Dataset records
- Opening Delimiter -
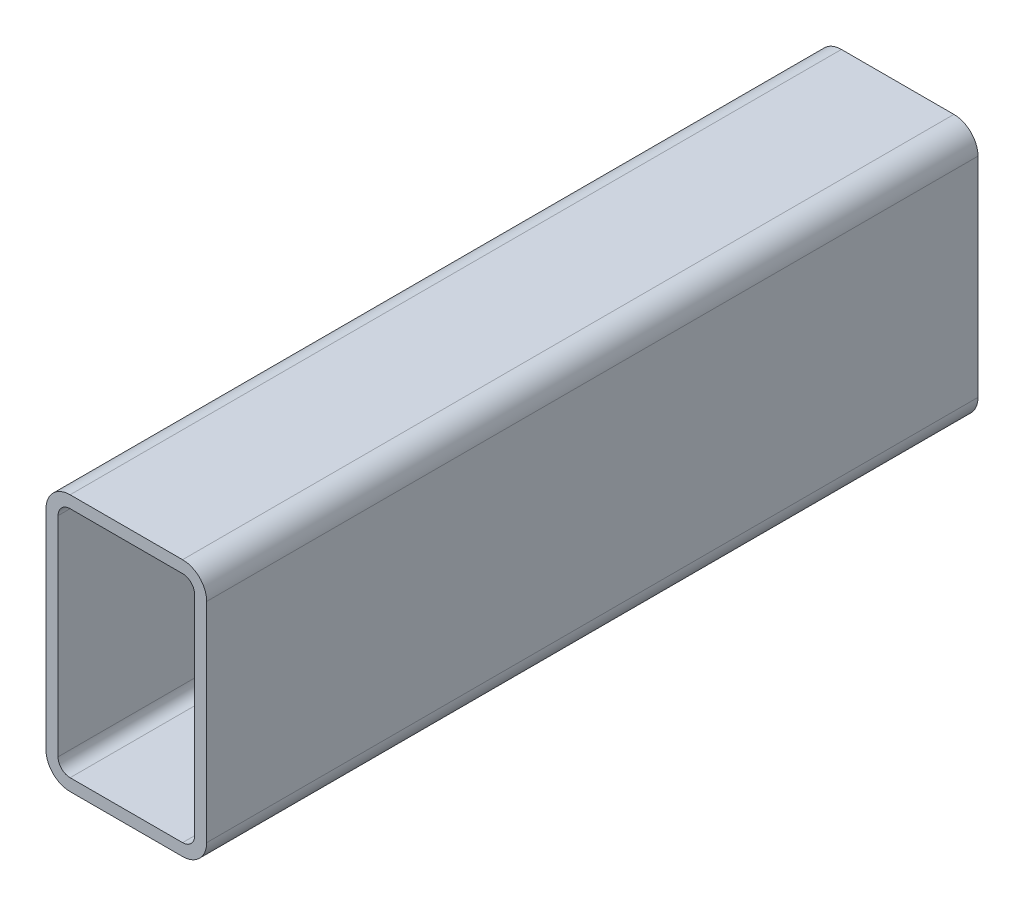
ISO-10303-21;
HEADER;
FILE_DESCRIPTION(('STEP AP214'),'2;1');
FILE_NAME('part.step','',(''),(''),'','','');
FILE_SCHEMA(('AUTOMOTIVE_DESIGN { 1 0 10303 214 1 1 1 1 }'));
ENDSEC;
DATA;
#1=APPLICATION_CONTEXT('core data for automotive mechanical design processes');
#2=APPLICATION_PROTOCOL_DEFINITION('international standard','automotive_design',2000,#1);
#3=PRODUCT_CONTEXT('',#1,'mechanical');
#4=PRODUCT('Part','Part','',(#3));
#5=PRODUCT_RELATED_PRODUCT_CATEGORY('part','',(#4));
#6=PRODUCT_DEFINITION_FORMATION('','',#4);
#7=PRODUCT_DEFINITION_CONTEXT('part definition',#1,'design');
#8=PRODUCT_DEFINITION('design','',#6,#7);
#9=PRODUCT_DEFINITION_SHAPE('','',#8);
#10=(LENGTH_UNIT() NAMED_UNIT(*) SI_UNIT(.MILLI.,.METRE.));
#11=(NAMED_UNIT(*) PLANE_ANGLE_UNIT() SI_UNIT($,.RADIAN.));
#12=(NAMED_UNIT(*) SI_UNIT($,.STERADIAN.) SOLID_ANGLE_UNIT());
#13=UNCERTAINTY_MEASURE_WITH_UNIT(LENGTH_MEASURE(1.E-05),#10,'distance_accuracy_value','');
#14=(GEOMETRIC_REPRESENTATION_CONTEXT(3) GLOBAL_UNCERTAINTY_ASSIGNED_CONTEXT((#13)) GLOBAL_UNIT_ASSIGNED_CONTEXT((#10,
#11,#12)) REPRESENTATION_CONTEXT('',''));
#15=CARTESIAN_POINT('',(0.,0.,0.));
#16=DIRECTION('',(0.,0.,1.));
#17=DIRECTION('',(1.,0.,0.));
#18=AXIS2_PLACEMENT_3D('',#15,#16,#17);
#19=CARTESIAN_POINT('',(12.4210851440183,94.1327651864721,304.8));
#20=DIRECTION('',(0.,0.,1.));
#21=DIRECTION('',(1.,0.,0.));
#22=AXIS2_PLACEMENT_3D('',#19,#20,#21);
#23=PLANE('',#22);
#24=CARTESIAN_POINT('',(12.4210851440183,94.1327651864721,304.8));
#25=DIRECTION('',(0.,0.,1.));
#26=DIRECTION('',(1.,0.,0.));
#27=AXIS2_PLACEMENT_3D('',#24,#25,#26);
#28=CIRCLE('',#27,9.52499999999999);
#29=CARTESIAN_POINT('',(12.4210851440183,103.657765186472,304.8));
#30=VERTEX_POINT('',#29);
#31=CARTESIAN_POINT('',(2.89608514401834,94.1327651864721,304.8));
#32=VERTEX_POINT('',#31);
#33=EDGE_CURVE('E211',#30,#32,#28,.T.);
#34=ORIENTED_EDGE('',*,*,#33,.T.);
#35=DIRECTION('',(0.,-1.,0.));
#36=VECTOR('',#35,1.);
#37=CARTESIAN_POINT('',(2.89608514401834,11.5827651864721,304.8));
#38=LINE('',#37,#36);
#39=CARTESIAN_POINT('',(2.89608514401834,11.5827651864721,304.8));
#40=VERTEX_POINT('',#39);
#41=EDGE_CURVE('E214',#32,#40,#38,.T.);
#42=ORIENTED_EDGE('',*,*,#41,.T.);
#43=CARTESIAN_POINT('',(12.4210851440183,11.5827651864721,304.8));
#44=DIRECTION('',(0.,0.,1.));
#45=DIRECTION('',(1.,0.,0.));
#46=AXIS2_PLACEMENT_3D('',#43,#44,#45);
#47=CIRCLE('',#46,9.52499999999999);
#48=CARTESIAN_POINT('',(12.4210851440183,2.05776518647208,304.8));
#49=VERTEX_POINT('',#48);
#50=EDGE_CURVE('E217',#40,#49,#47,.T.);
#51=ORIENTED_EDGE('',*,*,#50,.T.);
#52=DIRECTION('',(1.,0.,0.));
#53=VECTOR('',#52,1.);
#54=CARTESIAN_POINT('',(56.8710851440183,2.05776518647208,304.8));
#55=LINE('',#54,#53);
#56=CARTESIAN_POINT('',(56.8710851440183,2.05776518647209,304.8));
#57=VERTEX_POINT('',#56);
#58=EDGE_CURVE('E219',#49,#57,#55,.T.);
#59=ORIENTED_EDGE('',*,*,#58,.T.);
#60=CARTESIAN_POINT('',(56.8710851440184,11.5827651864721,304.8));
#61=DIRECTION('',(0.,0.,1.));
#62=DIRECTION('',(1.,0.,0.));
#63=AXIS2_PLACEMENT_3D('',#60,#61,#62);
#64=CIRCLE('',#63,9.52499999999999);
#65=CARTESIAN_POINT('',(66.3960851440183,11.5827651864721,304.8));
#66=VERTEX_POINT('',#65);
#67=EDGE_CURVE('E221',#57,#66,#64,.T.);
#68=ORIENTED_EDGE('',*,*,#67,.T.);
#69=DIRECTION('',(0.,1.,0.));
#70=VECTOR('',#69,1.);
#71=CARTESIAN_POINT('',(66.3960851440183,94.1327651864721,304.8));
#72=LINE('',#71,#70);
#73=CARTESIAN_POINT('',(66.3960851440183,94.1327651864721,304.8));
#74=VERTEX_POINT('',#73);
#75=EDGE_CURVE('E223',#66,#74,#72,.T.);
#76=ORIENTED_EDGE('',*,*,#75,.T.);
#77=CARTESIAN_POINT('',(56.8710851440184,94.1327651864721,304.8));
#78=DIRECTION('',(0.,0.,1.));
#79=DIRECTION('',(1.,0.,0.));
#80=AXIS2_PLACEMENT_3D('',#77,#78,#79);
#81=CIRCLE('',#80,9.52499999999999);
#82=CARTESIAN_POINT('',(56.8710851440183,103.657765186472,304.8));
#83=VERTEX_POINT('',#82);
#84=EDGE_CURVE('E225',#74,#83,#81,.T.);
#85=ORIENTED_EDGE('',*,*,#84,.T.);
#86=DIRECTION('',(-1.,0.,0.));
#87=VECTOR('',#86,1.);
#88=CARTESIAN_POINT('',(12.4210851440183,103.657765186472,304.8));
#89=LINE('',#88,#87);
#90=EDGE_CURVE('E227',#83,#30,#89,.T.);
#91=ORIENTED_EDGE('',*,*,#90,.T.);
#92=EDGE_LOOP('',(#34,#42,#51,#59,#68,#76,#85,#91));
#93=FACE_BOUND('',#92,.T.);
#94=DIRECTION('',(0.,-1.,0.));
#95=VECTOR('',#94,1.);
#96=CARTESIAN_POINT('',(7.65858514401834,11.5827651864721,304.8));
#97=LINE('',#96,#95);
#98=CARTESIAN_POINT('',(7.65858514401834,94.1327651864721,304.8));
#99=VERTEX_POINT('',#98);
#100=CARTESIAN_POINT('',(7.65858514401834,11.5827651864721,304.8));
#101=VERTEX_POINT('',#100);
#102=EDGE_CURVE('E154',#99,#101,#97,.T.);
#103=ORIENTED_EDGE('',*,*,#102,.F.);
#104=CARTESIAN_POINT('',(12.4210851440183,94.1327651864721,304.8));
#105=DIRECTION('',(0.,0.,1.));
#106=DIRECTION('',(1.,0.,0.));
#107=AXIS2_PLACEMENT_3D('',#104,#105,#106);
#108=CIRCLE('',#107,4.76249999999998);
#109=CARTESIAN_POINT('',(12.4210851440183,98.8952651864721,304.8));
#110=VERTEX_POINT('',#109);
#111=EDGE_CURVE('E146',#110,#99,#108,.T.);
#112=ORIENTED_EDGE('',*,*,#111,.F.);
#113=DIRECTION('',(-1.,0.,0.));
#114=VECTOR('',#113,1.);
#115=CARTESIAN_POINT('',(12.4210851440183,98.8952651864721,304.8));
#116=LINE('',#115,#114);
#117=CARTESIAN_POINT('',(56.8710851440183,98.8952651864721,304.8));
#118=VERTEX_POINT('',#117);
#119=EDGE_CURVE('E179',#118,#110,#116,.T.);
#120=ORIENTED_EDGE('',*,*,#119,.F.);
#121=CARTESIAN_POINT('',(56.8710851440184,94.1327651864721,304.8));
#122=DIRECTION('',(0.,0.,1.));
#123=DIRECTION('',(1.,0.,0.));
#124=AXIS2_PLACEMENT_3D('',#121,#122,#123);
#125=CIRCLE('',#124,4.76249999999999);
#126=CARTESIAN_POINT('',(61.6335851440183,94.1327651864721,304.8));
#127=VERTEX_POINT('',#126);
#128=EDGE_CURVE('E177',#127,#118,#125,.T.);
#129=ORIENTED_EDGE('',*,*,#128,.F.);
#130=DIRECTION('',(0.,1.,0.));
#131=VECTOR('',#130,1.);
#132=CARTESIAN_POINT('',(61.6335851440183,94.1327651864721,304.8));
#133=LINE('',#132,#131);
#134=CARTESIAN_POINT('',(61.6335851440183,11.5827651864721,304.8));
#135=VERTEX_POINT('',#134);
#136=EDGE_CURVE('E175',#135,#127,#133,.T.);
#137=ORIENTED_EDGE('',*,*,#136,.F.);
#138=CARTESIAN_POINT('',(56.8710851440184,11.5827651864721,304.8));
#139=DIRECTION('',(0.,0.,1.));
#140=DIRECTION('',(1.,0.,0.));
#141=AXIS2_PLACEMENT_3D('',#138,#139,#140);
#142=CIRCLE('',#141,4.76249999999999);
#143=CARTESIAN_POINT('',(56.8710851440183,6.82026518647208,304.8));
#144=VERTEX_POINT('',#143);
#145=EDGE_CURVE('E173',#144,#135,#142,.T.);
#146=ORIENTED_EDGE('',*,*,#145,.F.);
#147=DIRECTION('',(1.,0.,0.));
#148=VECTOR('',#147,1.);
#149=CARTESIAN_POINT('',(56.8710851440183,6.82026518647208,304.8));
#150=LINE('',#149,#148);
#151=CARTESIAN_POINT('',(12.4210851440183,6.82026518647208,304.8));
#152=VERTEX_POINT('',#151);
#153=EDGE_CURVE('E169',#152,#144,#150,.T.);
#154=ORIENTED_EDGE('',*,*,#153,.F.);
#155=CARTESIAN_POINT('',(12.4210851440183,11.5827651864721,304.8));
#156=DIRECTION('',(0.,0.,1.));
#157=DIRECTION('',(1.,0.,0.));
#158=AXIS2_PLACEMENT_3D('',#155,#156,#157);
#159=CIRCLE('',#158,4.76249999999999);
#160=EDGE_CURVE('E167',#101,#152,#159,.T.);
#161=ORIENTED_EDGE('',*,*,#160,.F.);
#162=EDGE_LOOP('',(#103,#112,#120,#129,#137,#146,#154,#161));
#163=FACE_BOUND('',#162,.T.);
#164=ADVANCED_FACE('F33',(#93,#163),#23,.T.);
#165=CARTESIAN_POINT('',(12.4210851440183,94.1327651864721,0.));
#166=DIRECTION('',(0.,0.,1.));
#167=DIRECTION('',(1.,0.,0.));
#168=AXIS2_PLACEMENT_3D('',#165,#166,#167);
#169=PLANE('',#168);
#170=CARTESIAN_POINT('',(12.4210851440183,94.1327651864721,0.));
#171=DIRECTION('',(0.,0.,1.));
#172=DIRECTION('',(1.,0.,0.));
#173=AXIS2_PLACEMENT_3D('',#170,#171,#172);
#174=CIRCLE('',#173,9.52499999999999);
#175=CARTESIAN_POINT('',(12.4210851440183,103.657765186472,0.));
#176=VERTEX_POINT('',#175);
#177=CARTESIAN_POINT('',(2.89608514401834,94.1327651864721,0.));
#178=VERTEX_POINT('',#177);
#179=EDGE_CURVE('E162',#176,#178,#174,.T.);
#180=ORIENTED_EDGE('',*,*,#179,.F.);
#181=DIRECTION('',(-1.,0.,0.));
#182=VECTOR('',#181,1.);
#183=CARTESIAN_POINT('',(12.4210851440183,103.657765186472,0.));
#184=LINE('',#183,#182);
#185=CARTESIAN_POINT('',(56.8710851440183,103.657765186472,0.));
#186=VERTEX_POINT('',#185);
#187=EDGE_CURVE('E215',#186,#176,#184,.T.);
#188=ORIENTED_EDGE('',*,*,#187,.F.);
#189=CARTESIAN_POINT('',(56.8710851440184,94.1327651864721,0.));
#190=DIRECTION('',(0.,0.,1.));
#191=DIRECTION('',(1.,0.,0.));
#192=AXIS2_PLACEMENT_3D('',#189,#190,#191);
#193=CIRCLE('',#192,9.52499999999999);
#194=CARTESIAN_POINT('',(66.3960851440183,94.1327651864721,0.));
#195=VERTEX_POINT('',#194);
#196=EDGE_CURVE('E242',#195,#186,#193,.T.);
#197=ORIENTED_EDGE('',*,*,#196,.F.);
#198=DIRECTION('',(0.,1.,0.));
#199=VECTOR('',#198,1.);
#200=CARTESIAN_POINT('',(66.3960851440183,94.1327651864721,0.));
#201=LINE('',#200,#199);
#202=CARTESIAN_POINT('',(66.3960851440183,11.5827651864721,0.));
#203=VERTEX_POINT('',#202);
#204=EDGE_CURVE('E240',#203,#195,#201,.T.);
#205=ORIENTED_EDGE('',*,*,#204,.F.);
#206=CARTESIAN_POINT('',(56.8710851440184,11.5827651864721,0.));
#207=DIRECTION('',(0.,0.,1.));
#208=DIRECTION('',(1.,0.,0.));
#209=AXIS2_PLACEMENT_3D('',#206,#207,#208);
#210=CIRCLE('',#209,9.52499999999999);
#211=CARTESIAN_POINT('',(56.8710851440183,2.05776518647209,0.));
#212=VERTEX_POINT('',#211);
#213=EDGE_CURVE('E238',#212,#203,#210,.T.);
#214=ORIENTED_EDGE('',*,*,#213,.F.);
#215=DIRECTION('',(1.,0.,0.));
#216=VECTOR('',#215,1.);
#217=CARTESIAN_POINT('',(56.8710851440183,2.05776518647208,0.));
#218=LINE('',#217,#216);
#219=CARTESIAN_POINT('',(12.4210851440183,2.05776518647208,0.));
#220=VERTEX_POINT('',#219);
- Closing Delimiter -
What you will do
What are the lines above, starting at the one with "#102=EDGE_CURVE('E154',#99,#101,#97,.T.);" and ending at the one with "#114=VECTOR('',#113,1.);"? Give them again exactly, and only them.

Answer below
#102=EDGE_CURVE('E154',#99,#101,#97,.T.);
#103=ORIENTED_EDGE('',*,*,#102,.F.);
#104=CARTESIAN_POINT('',(12.4210851440183,94.1327651864721,304.8));
#105=DIRECTION('',(0.,0.,1.));
#106=DIRECTION('',(1.,0.,0.));
#107=AXIS2_PLACEMENT_3D('',#104,#105,#106);
#108=CIRCLE('',#107,4.76249999999998);
#109=CARTESIAN_POINT('',(12.4210851440183,98.8952651864721,304.8));
#110=VERTEX_POINT('',#109);
#111=EDGE_CURVE('E146',#110,#99,#108,.T.);
#112=ORIENTED_EDGE('',*,*,#111,.F.);
#113=DIRECTION('',(-1.,0.,0.));
#114=VECTOR('',#113,1.);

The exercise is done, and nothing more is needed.